Perşembe günü Can'ın sabah uçuşa gitmesinin ardından temizliğe giriştim. Cuma günü misafirimin gelecek olması da itekleyen faktör olmuş olabilir tabe :)



Öncesinde gömlekleri ütüledim. Kolum hâlâ toparlanmadı, ağrı kesici içip işlerime geri döndüğüm içi daha da nasıl geçecek bilmiyorum.  Raftan tabak alamıyorum, kavanoz kapağı açamıyorum, ütü kaldırmak ve ev süpürmek bir ölüm.

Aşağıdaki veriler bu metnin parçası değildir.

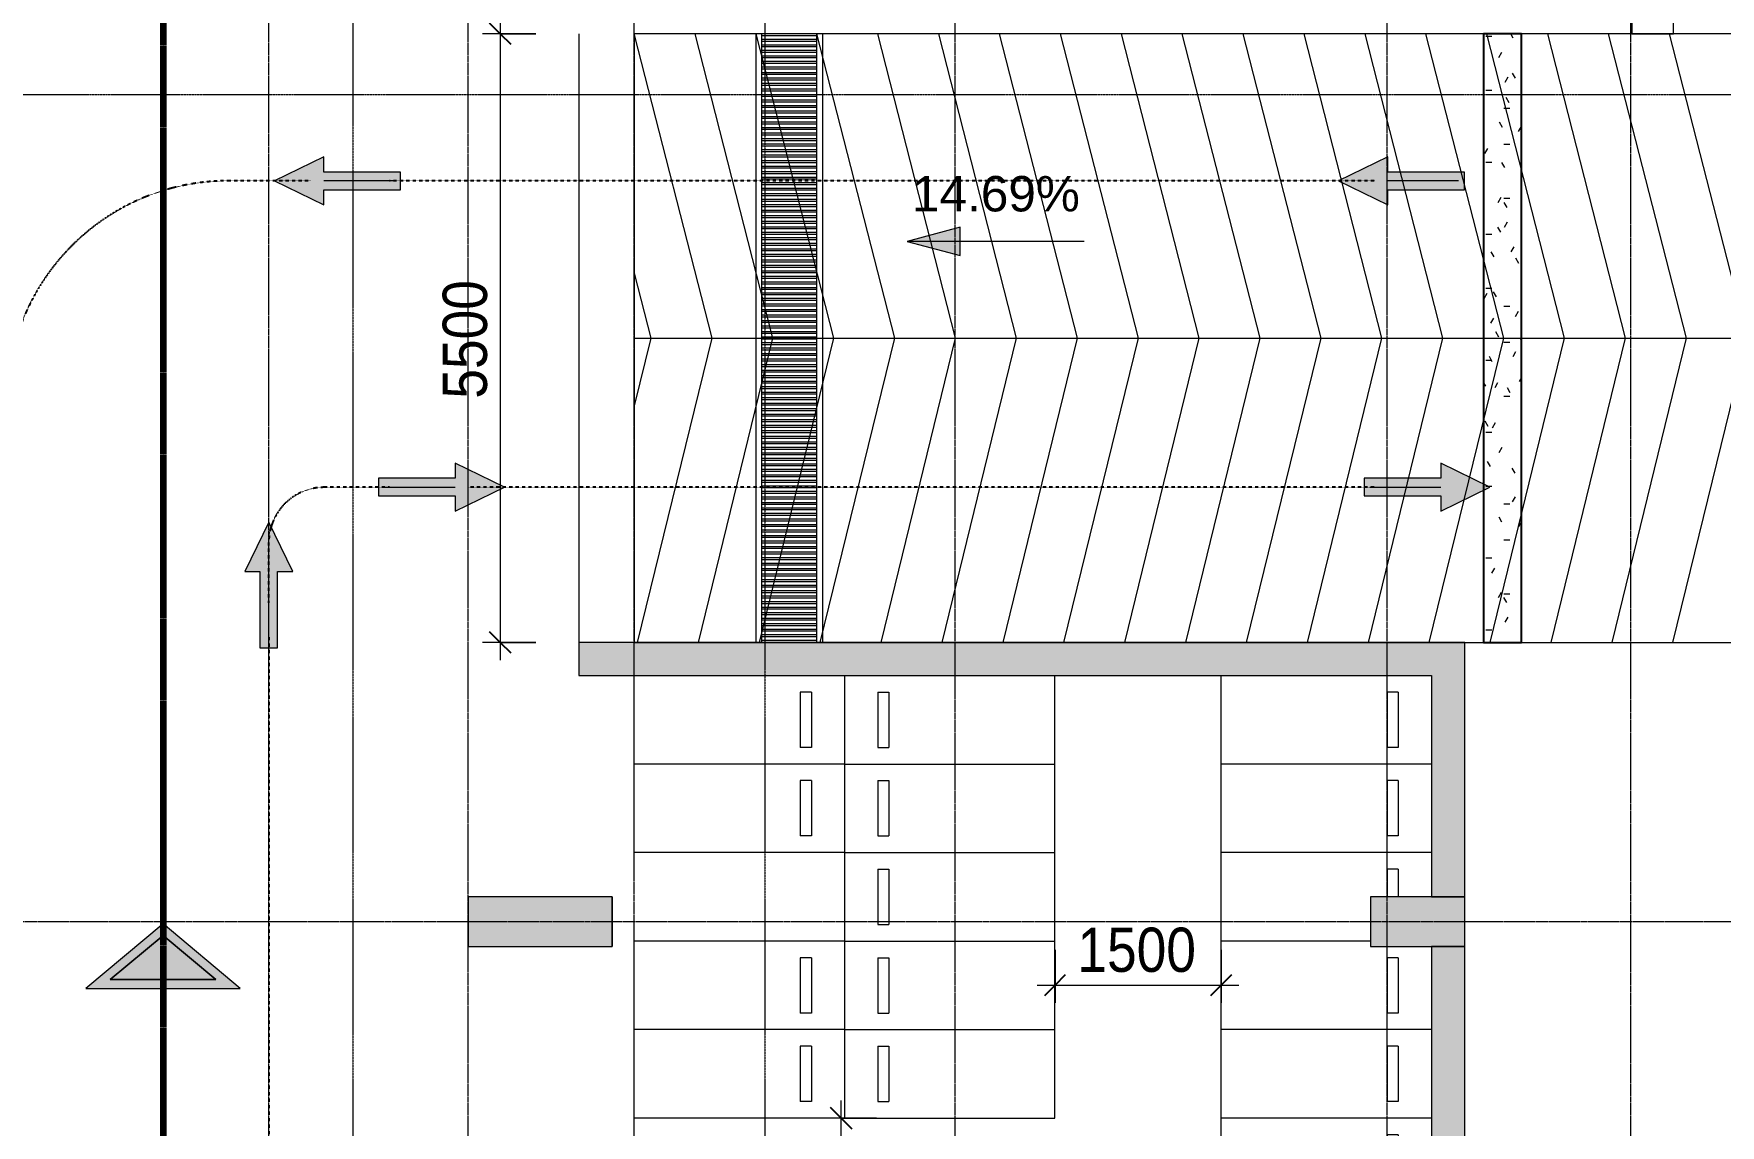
# Model space of a CAD drawing. Header units: millimetres. Extents: x 25998 to 252958, y -15958 to 83425.
# Drawn here: x 40530 to 55761, y 59898 to 69762 of the extents above; entities that cross this region are included whole.
import ezdxf

# ---------------------------------------------------------------- set-up
doc = ezdxf.new("R2010")
doc.units = ezdxf.units.MM
for name, pattern in [('1 NÉT CALL OUT', [6, 3, -3]), ('Dash 1_16_', [3.175, 1.5875, -1.5875]), ('Dash Dot 3_16_', [7.9375, 4.7625, -1.5875, 0, -1.5875]), ('Grid Line', [22.225, 12.7, -3.175, 3.175, -3.175])]:
    doc.linetypes.add(name, pattern=pattern)
for name, color, linetype, lineweight in [('0-1', 7, 'Continuous', 5), ('A-ANNO-DIMS', 211, 'Continuous', 9), ('A-ANNO-DIMS-160', 211, 'Continuous', 9), ('A-ANNO-NOTE', 131, 'Continuous', 9), ('A-DETL-1', 90, 'Dash 1_16_', 25), ('A-DETL-2', 90, '1 NÉT CALL OUT', 100), ('A-DETL-THIN', 151, 'Continuous', 9), ('A-FLOR', 192, 'Continuous', 9), ('A-FLOR-1', 7, 'Continuous', 9), ('A-FLOR-2', 192, 'Continuous', 25), ('A-FLOR-PATT-1', 8, 'Continuous', 9), ('A-WALL-1', 113, 'Continuous', 18), ('A-WALL-PATT-1', 7, 'Continuous', 9), ('C-PRKG', 70, 'Continuous', 9), ('G-ANNO-DIMS', 111, 'Continuous', 9), ('G-ANNO-SYMB-1', 111, 'Dash Dot 3_16_', 18), ('L-SITE-WALL-1', 250, 'Continuous', 18), ('L-SITE-WALL-2', 7, 'Continuous', 9), ('M-EQPM', 50, 'Continuous', 9), ('S-COLS-1', 52, 'Continuous', 5), ('S-COLS-2', 250, 'Continuous', 18), ('S-COLS-3', 7, 'Continuous', 9), ('S-GRID-1', 1, 'Grid Line', 9)]:
    doc.layers.add(name, color=color, linetype=linetype, lineweight=lineweight)
doc.styles.add('Arial_6', font='arial_0.ttf', dxfattribs={"height": 320})
doc.styles.add('UTM Avo', font='UTM Avo.ttf', dxfattribs={"width": 0.9, "height": 400})
doc.dimstyles.new('1_Dim_chi_tiet_2_5', dxfattribs={"dimscale": 304.8, "dimtxt": 399.720379, "dimasz": 0.629921, "dimexe": 0.524934, "dimexo": 0.0625, "dimgap": 0.052493, "dimtad": 1, "dimdec": 0, "dimrnd": 5, "dimzin": 0, "dimdsep": 46, "dimtxsty": 'UTM Avo', "dimblk1": 'OBLIQUE', "dimblk2": 'OBLIQUE', "dimsah": 1, "dimcen": 0.09, "dimdle": 0.524934, "dimazin": 0, "dimtfac": 1, "dimtdec": 4, "dimtix": 1, "dimtmove": 0, "dimatfit": 3, "dimfxl": 1.049869, "dimfxlon": 1, "dimtvp": 1, "dimtolj": 1, "dimtzin": 0, "dimarcsym": 2})

# ---------------------------------------------------------------- blocks, each defined once
blk = doc.blocks.new('NCV_TKTC_KET CAU_rvt-1-TKCS_MB TẦNG HẦM')
at = {"layer": 'A-WALL-PATT-1'}
for points in [[(53340, 63962), (53453, 63962), (53453, 64262), (45453, 64262), (45453, 63962), (53153, 63962)], [(53453, 61962), (53453, 61962), (53453, 63962), (53153, 63962), (53153, 61962)], [(53453, 58487), (53453, 58487), (53453, 61512), (53153, 61512), (53153, 58487), (53453, 58487)]]:
    blk.add_hatch(color=256, dxfattribs=at).paths.add_polyline_path(points)
at = {"layer": 'S-COLS-1'}
for points in [[(44453, 61512), (45753, 61512), (45753, 61962), (44453, 61962), (44453, 61512)], [(52603, 61512), (53453, 61512), (53453, 61962), (52603, 61962)]]:
    blk.add_hatch(color=256, dxfattribs=at).paths.add_polyline_path(points)
at = {"layer": 'A-FLOR-1'}
blk.add_line((53453, 61512), (53453, 61962), dxfattribs=at)
at = {"layer": 'L-SITE-WALL-1'}
for p, q in [((53453, 64262), (45453, 64262)), ((45453, 64262), (45453, 63962)), ((53453, 63962), (53453, 64262)), ((45453, 63962), (53153, 63962)), ((53153, 63962), (53153, 61962)), ((53453, 61962), (53453, 63962)), ((53153, 61512), (53153, 58487)), ((53453, 58487), (53453, 61512))]:
    blk.add_line(p, q, dxfattribs=at)
at = {"layer": 'L-SITE-WALL-2'}
for p, q in [((53153, 61962), (53453, 61962)), ((53453, 61512), (53153, 61512))]:
    blk.add_line(p, q, dxfattribs=at)
at = {"layer": 'S-COLS-2'}
for p, q in [((44453, 61962), (44453, 61512)), ((45753, 61962), (44453, 61962)), ((45753, 61512), (45753, 61962)), ((52603, 61962), (52603, 61512)), ((53153, 61962), (52603, 61962)), ((53453, 61512), (53453, 61962)), ((44453, 61512), (45753, 61512)), ((52603, 61512), (53153, 61512))]:
    blk.add_line(p, q, dxfattribs=at)
at = {"layer": 'S-COLS-3'}
for p, q in [((53453, 61962), (53153, 61962)), ((53153, 61512), (53453, 61512))]:
    blk.add_line(p, q, dxfattribs=at)
blk = doc.blocks.new('XE MAY2 - xe may 2-612722-TKCS_MB TẦNG HẦM')
at = {"layer": 'C-PRKG'}
for p, q in [((0, 800), (-1900, 800)), ((-1900, 0), (-1900, 800)), ((-300, 650), (-400, 650)), ((-400, 650), (-400, 150)), ((-300, 650), (-300, 150)), ((0, 0), (-1900, 0)), ((-300, 150), (-400, 150))]:
    blk.add_line(p, q, dxfattribs=at)
blk = doc.blocks.new('XE MAY2 - xe may 2-V50-TKCS_MB TẦNG HẦM')
at = {"layer": 'C-PRKG'}
for p, q in [((-550, 800), (-1900, 800)), ((-1900, 0), (-1900, 800)), ((-300, 650), (-400, 650)), ((-400, 650), (-400, 150)), ((-300, 650), (-300, 150)), ((0, 0), (-1900, 0)), ((-300, 150), (-400, 150))]:
    blk.add_line(p, q, dxfattribs=at)
blk = doc.blocks.new('XE MAY2 - xe may 2-V53-TKCS_MB TẦNG HẦM')
at = {"layer": 'C-PRKG'}
for p, q in [((-1900, 0), (-1900, 800)), ((-300, 650), (-400, 650)), ((-400, 650), (-400, 150)), ((-300, 650), (-300, 150)), ((0, 0), (-1900, 0)), ((-300, 150), (-400, 150))]:
    blk.add_line(p, q, dxfattribs=at)
blk = doc.blocks.new('XE MAY2 - xe may 2-V72-TKCS_MB TẦNG HẦM')
at = {"layer": 'C-PRKG'}
for p, q in [((-1900, 0), (-1900, 800)), ((0, 800), (0, 0)), ((-300, 650), (-400, 650)), ((-400, 650), (-400, 150)), ((-300, 650), (-300, 150)), ((0, 0), (-1900, 0)), ((-300, 150), (-400, 150))]:
    blk.add_line(p, q, dxfattribs=at)
blk = doc.blocks.new('XE MAY2 - xe may 2-V21-TKCS_MB TẦNG HẦM')
at = {"layer": 'C-PRKG'}
for p, q in [((0, 800), (-1900, 800)), ((-1900, 0), (-1900, 800)), ((0, 800), (0, 0)), ((-300, 650), (-400, 650)), ((-400, 650), (-400, 150)), ((-300, 650), (-300, 150)), ((0, 0), (-1900, 0)), ((-300, 150), (-400, 150))]:
    blk.add_line(p, q, dxfattribs=at)
blk = doc.blocks.new('XE MAY2 - xe may 2-V73-TKCS_MB TẦNG HẦM')
at = {"layer": 'C-PRKG'}
for p, q in [((0, -800), (0, 0)), ((-1900, 0), (-1900, -800)), ((0, 0), (-1900, 0)), ((-300, -150), (-400, -150)), ((-400, -650), (-400, -150)), ((-300, -650), (-300, -150)), ((-300, -650), (-400, -650))]:
    blk.add_line(p, q, dxfattribs=at)
blk = doc.blocks.new('XE MAY2 - xe may 2-V26-TKCS_MB TẦNG HẦM')
at = {"layer": 'C-PRKG'}
for p, q in [((0, -800), (0, 0)), ((-1900, 0), (-1900, -800)), ((0, 0), (-1900, 0)), ((-300, -150), (-400, -150)), ((-400, -650), (-400, -150)), ((-300, -650), (-300, -150)), ((-300, -650), (-400, -650)), ((0, -800), (-1900, -800))]:
    blk.add_line(p, q, dxfattribs=at)
blk = doc.blocks.new('XE MAY2 - xe may 2-V74-TKCS_MB TẦNG HẦM')
at = {"layer": 'C-PRKG'}
for p, q in [((0, 800), (-1900, 800)), ((-1900, 0), (-1900, 800)), ((-300, 650), (-400, 650)), ((-400, 650), (-400, 400)), ((-300, 650), (-300, 400)), ((-550, 0), (-1900, 0))]:
    blk.add_line(p, q, dxfattribs=at)
blk = doc.blocks.new('THOAT NUOC 600 - w600-3953561-TKCS_MB TẦNG HẦM')
at = {"layer": 'M-EQPM'}
for p, q in [((-2750, 300), (2750, 300)), ((-2730, 250), (-2750, 250)), ((2750, 250), (-2750, 250)), ((-2730, 250), (-2730, -250)), ((-2700, -250), (-2700, 250)), ((-2680, 250), (-2700, 250)), ((-2680, 250), (-2680, -250)), ((-2650, -250), (-2650, 250)), ((-2630, 250), (-2650, 250)), ((-2630, 250), (-2630, -250)), ((-2601, -250), (-2601, 250)), ((-2581, 250), (-2601, 250)), ((-2581, 250), (-2581, -250)), ((-2551, -250), (-2551, 250)), ((-2531, 250), (-2551, 250)), ((-2531, 250), (-2531, -250)), ((-2501, -250), (-2501, 250)), ((-2481, 250), (-2501, 250)), ((-2481, 250), (-2481, -250)), ((-2451, -250), (-2451, 250)), ((-2431, 250), (-2451, 250)), ((-2431, 250), (-2431, -250)), ((-2401, -250), (-2401, 250)), ((-2381, 250), (-2401, 250)), ((-2381, 250), (-2381, -250)), ((-2351, -250), (-2351, 250)), ((-2331, 250), (-2351, 250)), ((-2331, 250), (-2331, -250)), ((-2302, -250), (-2302, 250)), ((-2282, 250), (-2302, 250)), ((-2282, 250), (-2282, -250)), ((-2252, -250), (-2252, 250)), ((-2232, 250), (-2252, 250)), ((-2232, 250), (-2232, -250)), ((-2202, -250), (-2202, 250)), ((-2182, 250), (-2202, 250)), ((-2182, 250), (-2182, -250)), ((-2152, -250), (-2152, 250)), ((-2132, 250), (-2152, 250)), ((-2132, 250), (-2132, -250)), ((-2102, -250), (-2102, 250)), ((-2082, 250), (-2102, 250)), ((-2082, 250), (-2082, -250)), ((-2053, -250), (-2053, 250)), ((-2033, 250), (-2053, 250)), ((-2033, 250), (-2033, -250)), ((-2003, -250), (-2003, 250)), ((-1983, 250), (-2003, 250)), ((-1983, 250), (-1983, -250)), ((-1953, -250), (-1953, 250)), ((-1933, 250), (-1953, 250)), ((-1933, 250), (-1933, -250)), ((-1903, -250), (-1903, 250)), ((-1883, 250), (-1903, 250)), ((-1883, 250), (-1883, -250)), ((-1853, -250), (-1853, 250)), ((-1833, 250), (-1853, 250)), ((-1833, 250), (-1833, -250)), ((-1803, -250), (-1803, 250)), ((-1783, 250), (-1803, 250)), ((-1783, 250), (-1783, -250)), ((-1754, -250), (-1754, 250)), ((-1734, 250), (-1754, 250)), ((-1734, 250), (-1734, -250)), ((-1704, -250), (-1704, 250)), ((-1684, 250), (-1704, 250)), ((-1684, 250), (-1684, -250)), ((-1654, -250), (-1654, 250)), ((-1634, 250), (-1654, 250)), ((-1634, 250), (-1634, -250)), ((-1604, -250), (-1604, 250)), ((-1584, 250), (-1604, 250)), ((-1584, 250), (-1584, -250)), ((-1554, -250), (-1554, 250)), ((-1534, 250), (-1554, 250)), ((-1534, 250), (-1534, -250)), ((-1505, -250), (-1505, 250)), ((-1485, 250), (-1505, 250)), ((-1485, 250), (-1485, -250)), ((-1455, -250), (-1455, 250)), ((-1435, 250), (-1455, 250)), ((-1435, 250), (-1435, -250)), ((-1405, -250), (-1405, 250)), ((-1385, 250), (-1405, 250)), ((-1385, 250), (-1385, -250)), ((-1355, -250), (-1355, 250)), ((-1335, 250), (-1355, 250)), ((-1335, 250), (-1335, -250)), ((-1305, -250), (-1305, 250)), ((-1285, 250), (-1305, 250)), ((-1285, 250), (-1285, -250)), ((-1255, -250), (-1255, 250)), ((-1235, 250), (-1255, 250)), ((-1235, 250), (-1235, -250)), ((-1206, -250), (-1206, 250)), ((-1186, 250), (-1206, 250)), ((-1186, 250), (-1186, -250)), ((-1156, -250), (-1156, 250)), ((-1136, 250), (-1156, 250)), ((-1136, 250), (-1136, -250)), ((-1106, -250), (-1106, 250)), ((-1086, 250), (-1106, 250)), ((-1086, 250), (-1086, -250)), ((-1056, -250), (-1056, 250)), ((-1036, 250), (-1056, 250)), ((-1036, 250), (-1036, -250)), ((-1006, -250), (-1006, 250)), ((-986, 250), (-1006, 250)), ((-986, 250), (-986, -250)), ((-957, -250), (-957, 250)), ((-937, 250), (-957, 250)), ((-937, 250), (-937, -250)), ((-907, -250), (-907, 250)), ((-887, 250), (-907, 250)), ((-887, 250), (-887, -250)), ((-857, -250), (-857, 250)), ((-837, 250), (-857, 250)), ((-837, 250), (-837, -250)), ((-807, -250), (-807, 250)), ((-787, 250), (-807, 250)), ((-787, 250), (-787, -250)), ((-757, -250), (-757, 250)), ((-737, 250), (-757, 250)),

Hepsini de yaptığım için şu an dirseğimin altında buz var.



 Dün arkadaşım sabah kahvaltısına geldi. Londradan tedavisi için geliyor bir kaç ayda bir. Normalde bizde kalıyordu ama pandemi davasına otelde kalmaya başladı.  Balkonda ağırlıyorum onu.

Kahvaltıdan sonra birlikte çıktık, o hastaneye gitti ben de korunun içinden eve döndüm. Bu fotoğraflar oradan. 

Akşam yine geldi. Balkonda akşam yemeği yedik ama bir yerden sonra elektrik sobasına rağmen üşümeye başlayınca koronadan kaçarken zatüreye yakalanmayalım diyerek içeri girdik.  Neyse ki benim salonum evimin üçte birini kaplıyor ve iki cephesinde balkon var, açınca havalanması mükemmel.

Bugün ise bütün gün yattığım yerden telefonuma bakarak vakit geçirdim ve yemek yedim. 

Acilen telefonu ve yemeği bırakmalıyım. 

Hımmm, yarından itibaren yapayım bunu ben.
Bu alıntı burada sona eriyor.